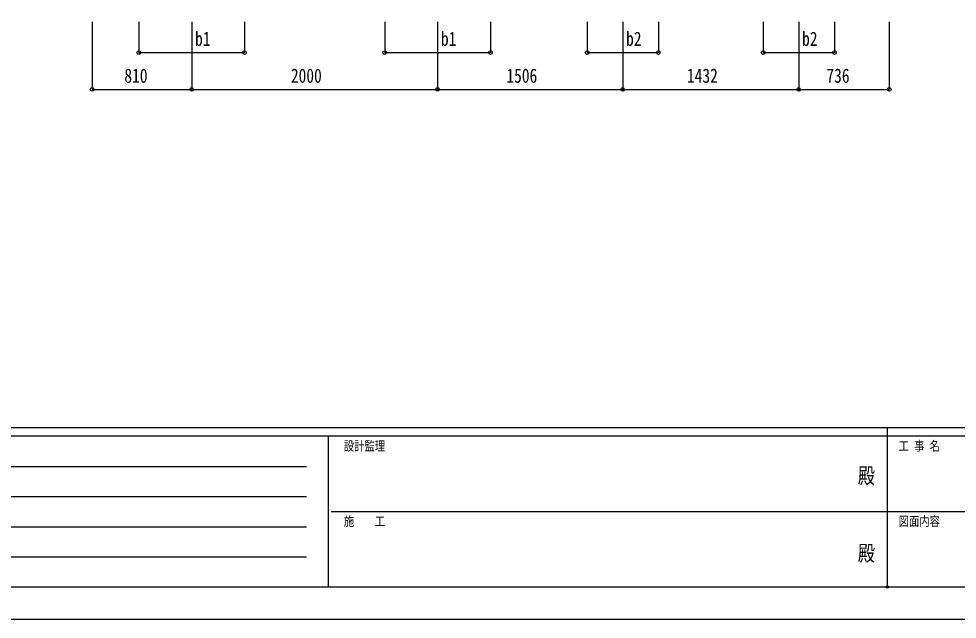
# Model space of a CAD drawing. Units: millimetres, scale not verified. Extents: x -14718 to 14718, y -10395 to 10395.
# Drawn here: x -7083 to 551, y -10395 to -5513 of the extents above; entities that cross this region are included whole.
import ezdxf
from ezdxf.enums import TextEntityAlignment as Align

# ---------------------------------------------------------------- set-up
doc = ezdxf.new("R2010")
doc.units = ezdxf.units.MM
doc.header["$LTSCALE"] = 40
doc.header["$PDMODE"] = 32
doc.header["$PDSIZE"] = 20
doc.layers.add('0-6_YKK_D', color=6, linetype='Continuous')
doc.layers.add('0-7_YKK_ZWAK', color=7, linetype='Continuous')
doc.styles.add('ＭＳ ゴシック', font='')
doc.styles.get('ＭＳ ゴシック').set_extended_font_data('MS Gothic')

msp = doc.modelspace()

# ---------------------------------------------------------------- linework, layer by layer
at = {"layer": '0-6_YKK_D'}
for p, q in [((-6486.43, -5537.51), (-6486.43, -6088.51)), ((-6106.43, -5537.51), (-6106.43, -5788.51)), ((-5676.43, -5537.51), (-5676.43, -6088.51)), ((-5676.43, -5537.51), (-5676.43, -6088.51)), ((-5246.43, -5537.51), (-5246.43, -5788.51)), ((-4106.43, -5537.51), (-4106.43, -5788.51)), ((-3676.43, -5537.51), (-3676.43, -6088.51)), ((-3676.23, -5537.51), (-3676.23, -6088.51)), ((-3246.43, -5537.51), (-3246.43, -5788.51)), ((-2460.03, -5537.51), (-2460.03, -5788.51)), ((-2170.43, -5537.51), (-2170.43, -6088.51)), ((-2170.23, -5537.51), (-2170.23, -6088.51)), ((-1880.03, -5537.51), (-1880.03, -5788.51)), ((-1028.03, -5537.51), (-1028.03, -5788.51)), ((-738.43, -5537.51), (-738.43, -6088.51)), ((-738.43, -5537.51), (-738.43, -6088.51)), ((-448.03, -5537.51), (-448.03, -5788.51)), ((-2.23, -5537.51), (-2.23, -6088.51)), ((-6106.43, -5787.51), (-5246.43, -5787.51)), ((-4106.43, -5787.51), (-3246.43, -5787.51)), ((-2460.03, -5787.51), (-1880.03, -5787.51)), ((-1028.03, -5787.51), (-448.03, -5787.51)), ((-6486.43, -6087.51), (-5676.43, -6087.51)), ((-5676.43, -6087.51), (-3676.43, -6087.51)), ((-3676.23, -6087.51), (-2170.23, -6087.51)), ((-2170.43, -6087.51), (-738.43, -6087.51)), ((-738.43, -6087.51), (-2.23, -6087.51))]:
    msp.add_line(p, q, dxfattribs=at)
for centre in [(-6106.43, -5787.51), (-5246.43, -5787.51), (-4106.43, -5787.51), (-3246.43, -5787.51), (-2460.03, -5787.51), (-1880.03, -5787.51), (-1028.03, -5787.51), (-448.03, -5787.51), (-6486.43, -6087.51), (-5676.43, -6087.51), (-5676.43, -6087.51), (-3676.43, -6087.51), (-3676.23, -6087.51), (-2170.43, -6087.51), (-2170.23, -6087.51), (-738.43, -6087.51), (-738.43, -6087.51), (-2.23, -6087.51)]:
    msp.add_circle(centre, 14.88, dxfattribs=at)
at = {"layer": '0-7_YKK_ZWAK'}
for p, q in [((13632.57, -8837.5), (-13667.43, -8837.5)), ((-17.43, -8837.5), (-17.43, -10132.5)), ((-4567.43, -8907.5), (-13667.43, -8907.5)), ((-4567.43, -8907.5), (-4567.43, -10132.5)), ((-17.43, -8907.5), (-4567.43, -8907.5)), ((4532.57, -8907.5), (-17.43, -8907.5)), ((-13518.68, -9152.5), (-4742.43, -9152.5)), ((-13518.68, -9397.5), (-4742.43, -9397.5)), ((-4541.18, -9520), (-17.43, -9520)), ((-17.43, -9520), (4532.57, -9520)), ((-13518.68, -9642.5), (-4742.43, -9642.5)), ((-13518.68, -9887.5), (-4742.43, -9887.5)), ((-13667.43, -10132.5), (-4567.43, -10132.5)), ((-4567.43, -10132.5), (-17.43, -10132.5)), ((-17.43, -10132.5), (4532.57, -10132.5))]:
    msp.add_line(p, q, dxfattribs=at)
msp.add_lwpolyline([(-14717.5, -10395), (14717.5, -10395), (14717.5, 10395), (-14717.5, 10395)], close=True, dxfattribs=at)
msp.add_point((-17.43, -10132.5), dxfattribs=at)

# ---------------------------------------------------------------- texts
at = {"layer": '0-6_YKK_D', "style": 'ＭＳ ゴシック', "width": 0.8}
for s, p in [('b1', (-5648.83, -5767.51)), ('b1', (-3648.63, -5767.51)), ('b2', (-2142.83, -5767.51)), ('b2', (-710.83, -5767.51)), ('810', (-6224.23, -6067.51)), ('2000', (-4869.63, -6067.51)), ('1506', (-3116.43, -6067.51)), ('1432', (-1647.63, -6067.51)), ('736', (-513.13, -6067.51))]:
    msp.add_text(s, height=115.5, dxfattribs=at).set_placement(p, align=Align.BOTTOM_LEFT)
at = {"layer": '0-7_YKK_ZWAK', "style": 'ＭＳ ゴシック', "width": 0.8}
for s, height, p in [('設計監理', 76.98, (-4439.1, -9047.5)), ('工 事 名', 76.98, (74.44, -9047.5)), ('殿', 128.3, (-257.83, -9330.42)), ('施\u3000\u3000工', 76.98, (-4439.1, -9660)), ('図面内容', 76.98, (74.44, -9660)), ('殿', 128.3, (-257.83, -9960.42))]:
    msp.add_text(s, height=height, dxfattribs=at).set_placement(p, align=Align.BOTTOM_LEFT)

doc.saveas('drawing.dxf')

++++++++

DIRECTIONS FOR THIS TASK: All lines above that contain "styles" are required in the answer.

RESPONSE:
doc.styles.add('ＭＳ ゴシック', font='')
doc.styles.get('ＭＳ ゴシック').set_extended_font_data('MS Gothic')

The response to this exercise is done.